• **Description of the task**:
Return the following from the records below: each line, word for word, starting with the line that contains "#37=LINE('',#36,#35);" and going on through the line that contains "#83=LINE('',#82,#81);", with nothing outside that range.

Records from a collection
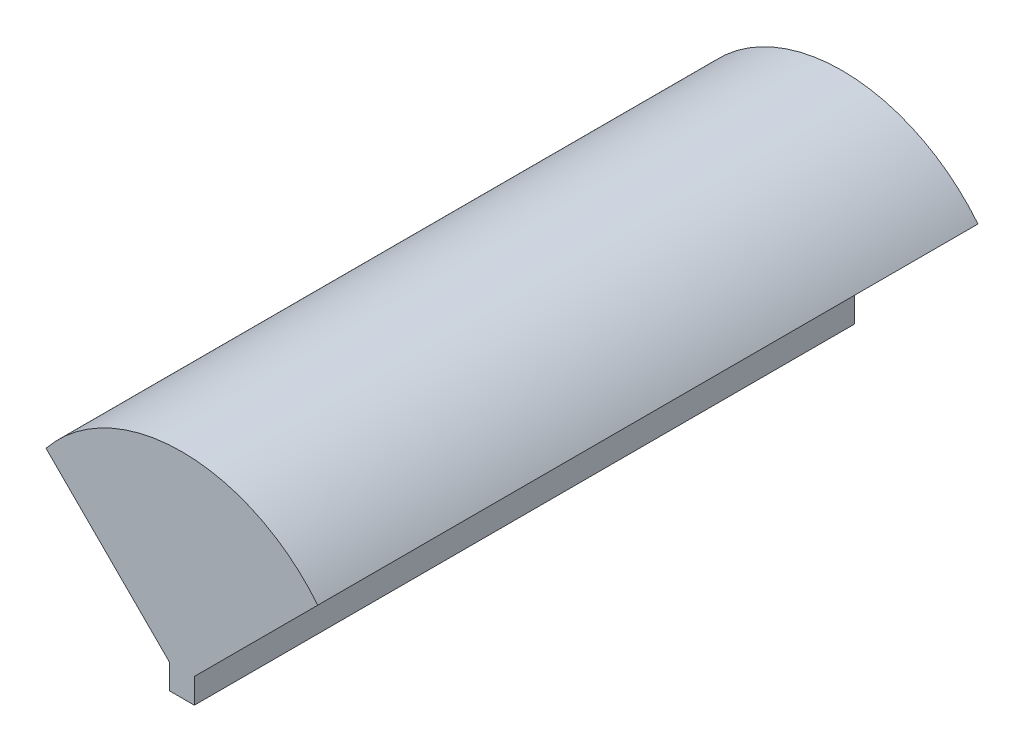
ISO-10303-21;
HEADER;
FILE_DESCRIPTION(('STEP AP214'),'2;1');
FILE_NAME('part.step','',(''),(''),'','','');
FILE_SCHEMA(('AUTOMOTIVE_DESIGN { 1 0 10303 214 1 1 1 1 }'));
ENDSEC;
DATA;
#1=APPLICATION_CONTEXT('core data for automotive mechanical design processes');
#2=APPLICATION_PROTOCOL_DEFINITION('international standard','automotive_design',2000,#1);
#3=PRODUCT_CONTEXT('',#1,'mechanical');
#4=PRODUCT('Part','Part','',(#3));
#5=PRODUCT_RELATED_PRODUCT_CATEGORY('part','',(#4));
#6=PRODUCT_DEFINITION_FORMATION('','',#4);
#7=PRODUCT_DEFINITION_CONTEXT('part definition',#1,'design');
#8=PRODUCT_DEFINITION('design','',#6,#7);
#9=PRODUCT_DEFINITION_SHAPE('','',#8);
#10=(LENGTH_UNIT() NAMED_UNIT(*) SI_UNIT(.MILLI.,.METRE.));
#11=(NAMED_UNIT(*) PLANE_ANGLE_UNIT() SI_UNIT($,.RADIAN.));
#12=(NAMED_UNIT(*) SI_UNIT($,.STERADIAN.) SOLID_ANGLE_UNIT());
#13=UNCERTAINTY_MEASURE_WITH_UNIT(LENGTH_MEASURE(1.E-05),#10,'distance_accuracy_value','');
#14=(GEOMETRIC_REPRESENTATION_CONTEXT(3) GLOBAL_UNCERTAINTY_ASSIGNED_CONTEXT((#13)) GLOBAL_UNIT_ASSIGNED_CONTEXT((#10,
#11,#12)) REPRESENTATION_CONTEXT('',''));
#15=CARTESIAN_POINT('',(0.,0.,0.));
#16=DIRECTION('',(0.,0.,1.));
#17=DIRECTION('',(1.,0.,0.));
#18=AXIS2_PLACEMENT_3D('',#15,#16,#17);
#19=CARTESIAN_POINT('',(0.,0.,52.96));
#20=DIRECTION('',(0.,1.,0.));
#21=DIRECTION('',(0.,0.,1.));
#22=AXIS2_PLACEMENT_3D('',#19,#20,#21);
#23=PLANE('',#22);
#24=DIRECTION('',(1.,0.,0.));
#25=VECTOR('',#24,1.);
#26=CARTESIAN_POINT('',(0.,0.,0.));
#27=LINE('',#26,#25);
#28=CARTESIAN_POINT('',(0.,0.,0.));
#29=VERTEX_POINT('',#28);
#30=CARTESIAN_POINT('',(2.,0.,0.));
#31=VERTEX_POINT('',#30);
#32=EDGE_CURVE('E132',#29,#31,#27,.T.);
#33=ORIENTED_EDGE('',*,*,#32,.T.);
#34=DIRECTION('',(0.,0.,-1.));
#35=VECTOR('',#34,1.);
#36=CARTESIAN_POINT('',(2.,0.,52.96));
#37=LINE('',#36,#35);
#38=CARTESIAN_POINT('',(2.,0.,52.96));
#39=VERTEX_POINT('',#38);
#40=EDGE_CURVE('E11',#39,#31,#37,.T.);
#41=ORIENTED_EDGE('',*,*,#40,.F.);
#42=DIRECTION('',(1.,0.,0.));
#43=VECTOR('',#42,1.);
#44=CARTESIAN_POINT('',(0.,0.,52.96));
#45=LINE('',#44,#43);
#46=CARTESIAN_POINT('',(0.,0.,52.96));
#47=VERTEX_POINT('',#46);
#48=EDGE_CURVE('E148',#47,#39,#45,.T.);
#49=ORIENTED_EDGE('',*,*,#48,.F.);
#50=DIRECTION('',(0.,0.,-1.));
#51=VECTOR('',#50,1.);
#52=CARTESIAN_POINT('',(0.,0.,52.96));
#53=LINE('',#52,#51);
#54=EDGE_CURVE('E128',#47,#29,#53,.T.);
#55=ORIENTED_EDGE('',*,*,#54,.T.);
#56=EDGE_LOOP('',(#33,#41,#49,#55));
#57=FACE_BOUND('',#56,.T.);
#58=ADVANCED_FACE('F43',(#57),#23,.F.);
#59=CARTESIAN_POINT('',(2.,0.,52.96));
#60=DIRECTION('',(-1.,0.,0.));
#61=DIRECTION('',(0.,0.,1.));
#62=AXIS2_PLACEMENT_3D('',#59,#60,#61);
#63=PLANE('',#62);
#64=DIRECTION('',(0.,1.,0.));
#65=VECTOR('',#64,1.);
#66=CARTESIAN_POINT('',(2.,0.,0.));
#67=LINE('',#66,#65);
#68=CARTESIAN_POINT('',(2.,2.,0.));
#69=VERTEX_POINT('',#68);
#70=EDGE_CURVE('E136',#31,#69,#67,.T.);
#71=ORIENTED_EDGE('',*,*,#70,.T.);
#72=DIRECTION('',(0.,0.,-1.));
#73=VECTOR('',#72,1.);
#74=CARTESIAN_POINT('',(2.,2.,52.96));
#75=LINE('',#74,#73);
#76=CARTESIAN_POINT('',(2.,2.,52.96));
#77=VERTEX_POINT('',#76);
#78=EDGE_CURVE('E52',#77,#69,#75,.T.);
#79=ORIENTED_EDGE('',*,*,#78,.F.);
#80=DIRECTION('',(0.,1.,0.));
#81=VECTOR('',#80,1.);
#82=CARTESIAN_POINT('',(2.,0.,52.96));
#83=LINE('',#82,#81);
#84=EDGE_CURVE('E97',#39,#77,#83,.T.);
#85=ORIENTED_EDGE('',*,*,#84,.F.);
#86=ORIENTED_EDGE('',*,*,#40,.T.);
#87=EDGE_LOOP('',(#71,#79,#85,#86));
#88=FACE_BOUND('',#87,.T.);
#89=ADVANCED_FACE('F176',(#88),#63,.F.);
#90=CARTESIAN_POINT('',(2.,2.,52.96));
#91=DIRECTION('',(-0.707106781186546,0.707106781186549,0.));
#92=DIRECTION('',(-0.707106781186549,-0.707106781186546,0.));
#93=AXIS2_PLACEMENT_3D('',#90,#91,#92);
#94=PLANE('',#93);
#95=DIRECTION('',(0.707106781186549,0.707106781186546,0.));
#96=VECTOR('',#95,1.);
#97=CARTESIAN_POINT('',(2.,2.,0.));
#98=LINE('',#97,#96);
#99=CARTESIAN_POINT('',(11.8994949366117,11.8994949366116,0.));
#100=VERTEX_POINT('',#99);
#101=EDGE_CURVE('E139',#69,#100,#98,.T.);
#102=ORIENTED_EDGE('',*,*,#101,.T.);
#103=DIRECTION('',(0.,0.,-1.));
#104=VECTOR('',#103,1.);
#105=CARTESIAN_POINT('',(11.8994949366117,11.8994949366116,52.96));
#106=LINE('',#105,#104);
#107=CARTESIAN_POINT('',(11.8994949366117,11.8994949366116,52.96));
#108=VERTEX_POINT('',#107);
#109=EDGE_CURVE('E121',#108,#100,#106,.T.);
#110=ORIENTED_EDGE('',*,*,#109,.F.);
#111=DIRECTION('',(0.707106781186549,0.707106781186546,0.));
#112=VECTOR('',#111,1.);
#113=CARTESIAN_POINT('',(2.,2.,52.96));
#114=LINE('',#113,#112);
#115=EDGE_CURVE('E110',#77,#108,#114,.T.);
#116=ORIENTED_EDGE('',*,*,#115,.F.);
#117=ORIENTED_EDGE('',*,*,#78,.T.);
#118=EDGE_LOOP('',(#102,#110,#116,#117));
#119=FACE_BOUND('',#118,.T.);
#120=ADVANCED_FACE('F158',(#119),#94,.F.);
#121=CARTESIAN_POINT('',(0.999999999999999,3.11308439949376,52.96));
#122=DIRECTION('',(0.,0.,-1.));
#123=DIRECTION('',(-1.,0.,0.));
#124=AXIS2_PLACEMENT_3D('',#121,#122,#123);
#125=CYLINDRICAL_SURFACE('',#124,14.);
#126=CARTESIAN_POINT('',(0.999999999999999,3.11308439949376,0.));
#127=DIRECTION('',(0.,0.,1.));
#128=DIRECTION('',(-1.,0.,0.));
#129=AXIS2_PLACEMENT_3D('',#126,#127,#128);
#130=CIRCLE('',#129,14.);
#131=CARTESIAN_POINT('',(-9.89949493661168,11.8994949366116,0.));
#132=VERTEX_POINT('',#131);
#133=EDGE_CURVE('E119',#100,#132,#130,.T.);
#134=ORIENTED_EDGE('',*,*,#133,.T.);
#135=DIRECTION('',(0.,0.,-1.));
#136=VECTOR('',#135,1.);
#137=CARTESIAN_POINT('',(-9.89949493661168,11.8994949366116,52.96));
#138=LINE('',#137,#136);
#139=CARTESIAN_POINT('',(-9.89949493661168,11.8994949366116,52.96));
#140=VERTEX_POINT('',#139);
#141=EDGE_CURVE('E116',#140,#132,#138,.T.);
#142=ORIENTED_EDGE('',*,*,#141,.F.);
#143=CARTESIAN_POINT('',(0.999999999999999,3.11308439949376,52.96));
#144=DIRECTION('',(0.,0.,1.));
#145=DIRECTION('',(-1.,0.,0.));
#146=AXIS2_PLACEMENT_3D('',#143,#144,#145);
#147=CIRCLE('',#146,14.);
#148=EDGE_CURVE('E104',#108,#140,#147,.T.);
#149=ORIENTED_EDGE('',*,*,#148,.F.);
#150=ORIENTED_EDGE('',*,*,#109,.T.);
#151=EDGE_LOOP('',(#134,#142,#149,#150));
#152=FACE_BOUND('',#151,.T.);
#153=ADVANCED_FACE('F117',(#152),#125,.T.);
#154=CARTESIAN_POINT('',(0.,2.,52.96));
#155=DIRECTION('',(0.707106781186546,0.707106781186549,0.));
#156=DIRECTION('',(-0.707106781186549,0.707106781186546,0.));
#157=AXIS2_PLACEMENT_3D('',#154,#155,#156);
#158=PLANE('',#157);
#159=DIRECTION('',(0.707106781186549,-0.707106781186546,0.));
#160=VECTOR('',#159,1.);
#161=CARTESIAN_POINT('',(0.,2.,0.));
#162=LINE('',#161,#160);
#163=CARTESIAN_POINT('',(0.,2.,0.));
#164=VERTEX_POINT('',#163);
#165=EDGE_CURVE('E83',#132,#164,#162,.T.);
#166=ORIENTED_EDGE('',*,*,#165,.T.);
#167=DIRECTION('',(0.,0.,-1.));
#168=VECTOR('',#167,1.);
#169=CARTESIAN_POINT('',(0.,2.,52.96));
#170=LINE('',#169,#168);
#171=CARTESIAN_POINT('',(0.,2.,52.96));
#172=VERTEX_POINT('',#171);
#173=EDGE_CURVE('E122',#172,#164,#170,.T.);
#174=ORIENTED_EDGE('',*,*,#173,.F.);
#175=DIRECTION('',(0.707106781186549,-0.707106781186546,0.));
#176=VECTOR('',#175,1.);
#177=CARTESIAN_POINT('',(0.,2.,52.96));
#178=LINE('',#177,#176);
#179=EDGE_CURVE('E108',#140,#172,#178,.T.);
#180=ORIENTED_EDGE('',*,*,#179,.F.);
#181=ORIENTED_EDGE('',*,*,#141,.T.);
#182=EDGE_LOOP('',(#166,#174,#180,#181));
#183=FACE_BOUND('',#182,.T.);
#184=ADVANCED_FACE('F124',(#183),#158,.F.);
#185=CARTESIAN_POINT('',(0.,0.,52.96));
#186=DIRECTION('',(1.,0.,0.));
#187=DIRECTION('',(0.,0.,-1.));
#188=AXIS2_PLACEMENT_3D('',#185,#186,#187);
#189=PLANE('',#188);
#190=DIRECTION('',(0.,-1.,0.));
#191=VECTOR('',#190,1.);
#192=CARTESIAN_POINT('',(0.,0.,0.));
#193=LINE('',#192,#191);
#194=EDGE_CURVE('E89',#164,#29,#193,.T.);
#195=ORIENTED_EDGE('',*,*,#194,.T.);
#196=ORIENTED_EDGE('',*,*,#54,.F.);
#197=DIRECTION('',(0.,-1.,0.));
#198=VECTOR('',#197,1.);
#199=CARTESIAN_POINT('',(0.,0.,52.96));
#200=LINE('',#199,#198);
#201=EDGE_CURVE('E60',#172,#47,#200,.T.);
#202=ORIENTED_EDGE('',*,*,#201,.F.);
#203=ORIENTED_EDGE('',*,*,#173,.T.);
#204=EDGE_LOOP('',(#195,#196,#202,#203));
#205=FACE_BOUND('',#204,.T.);
#206=ADVANCED_FACE('F165',(#205),#189,.F.);
#207=CARTESIAN_POINT('',(0.999999999999999,3.11308439949376,52.96));
#208=DIRECTION('',(0.,0.,-1.));
#209=DIRECTION('',(-1.,0.,0.));
#210=AXIS2_PLACEMENT_3D('',#207,#208,#209);
#211=PLANE('',#210);
#212=ORIENTED_EDGE('',*,*,#48,.T.);
#213=ORIENTED_EDGE('',*,*,#84,.T.);
#214=ORIENTED_EDGE('',*,*,#115,.T.);
#215=ORIENTED_EDGE('',*,*,#148,.T.);
#216=ORIENTED_EDGE('',*,*,#179,.T.);
#217=ORIENTED_EDGE('',*,*,#201,.T.);
#218=EDGE_LOOP('',(#212,#213,#214,#215,#216,#217));
#219=FACE_BOUND('',#218,.T.);
#220=ADVANCED_FACE('F106',(#219),#211,.F.);
#221=CARTESIAN_POINT('',(0.999999999999999,3.11308439949376,0.));
#222=DIRECTION('',(0.,0.,-1.));
#223=DIRECTION('',(-1.,0.,0.));
#224=AXIS2_PLACEMENT_3D('',#221,#222,#223);
#225=PLANE('',#224);
#226=ORIENTED_EDGE('',*,*,#32,.F.);
#227=ORIENTED_EDGE('',*,*,#194,.F.);
#228=ORIENTED_EDGE('',*,*,#165,.F.);
#229=ORIENTED_EDGE('',*,*,#133,.F.);
#230=ORIENTED_EDGE('',*,*,#101,.F.);
#231=ORIENTED_EDGE('',*,*,#70,.F.);
#232=EDGE_LOOP('',(#226,#227,#228,#229,#230,#231));
#233=FACE_BOUND('',#232,.T.);
#234=ADVANCED_FACE('F161',(#233),#225,.T.);
#235=CLOSED_SHELL('',(#58,#89,#120,#153,#184,#206,#220,#234));
#236=MANIFOLD_SOLID_BREP('B2',#235);
#237=ADVANCED_BREP_SHAPE_REPRESENTATION('',(#18,#236),#14);
#238=SHAPE_DEFINITION_REPRESENTATION(#9,#237);
ENDSEC;
END-ISO-10303-21;

• **Output of the task**:
#37=LINE('',#36,#35);
#38=CARTESIAN_POINT('',(2.,0.,52.96));
#39=VERTEX_POINT('',#38);
#40=EDGE_CURVE('E11',#39,#31,#37,.T.);
#41=ORIENTED_EDGE('',*,*,#40,.F.);
#42=DIRECTION('',(1.,0.,0.));
#43=VECTOR('',#42,1.);
#44=CARTESIAN_POINT('',(0.,0.,52.96));
#45=LINE('',#44,#43);
#46=CARTESIAN_POINT('',(0.,0.,52.96));
#47=VERTEX_POINT('',#46);
#48=EDGE_CURVE('E148',#47,#39,#45,.T.);
#49=ORIENTED_EDGE('',*,*,#48,.F.);
#50=DIRECTION('',(0.,0.,-1.));
#51=VECTOR('',#50,1.);
#52=CARTESIAN_POINT('',(0.,0.,52.96));
#53=LINE('',#52,#51);
#54=EDGE_CURVE('E128',#47,#29,#53,.T.);
#55=ORIENTED_EDGE('',*,*,#54,.T.);
#56=EDGE_LOOP('',(#33,#41,#49,#55));
#57=FACE_BOUND('',#56,.T.);
#58=ADVANCED_FACE('F43',(#57),#23,.F.);
#59=CARTESIAN_POINT('',(2.,0.,52.96));
#60=DIRECTION('',(-1.,0.,0.));
#61=DIRECTION('',(0.,0.,1.));
#62=AXIS2_PLACEMENT_3D('',#59,#60,#61);
#63=PLANE('',#62);
#64=DIRECTION('',(0.,1.,0.));
#65=VECTOR('',#64,1.);
#66=CARTESIAN_POINT('',(2.,0.,0.));
#67=LINE('',#66,#65);
#68=CARTESIAN_POINT('',(2.,2.,0.));
#69=VERTEX_POINT('',#68);
#70=EDGE_CURVE('E136',#31,#69,#67,.T.);
#71=ORIENTED_EDGE('',*,*,#70,.T.);
#72=DIRECTION('',(0.,0.,-1.));
#73=VECTOR('',#72,1.);
#74=CARTESIAN_POINT('',(2.,2.,52.96));
#75=LINE('',#74,#73);
#76=CARTESIAN_POINT('',(2.,2.,52.96));
#77=VERTEX_POINT('',#76);
#78=EDGE_CURVE('E52',#77,#69,#75,.T.);
#79=ORIENTED_EDGE('',*,*,#78,.F.);
#80=DIRECTION('',(0.,1.,0.));
#81=VECTOR('',#80,1.);
#82=CARTESIAN_POINT('',(2.,0.,52.96));
#83=LINE('',#82,#81);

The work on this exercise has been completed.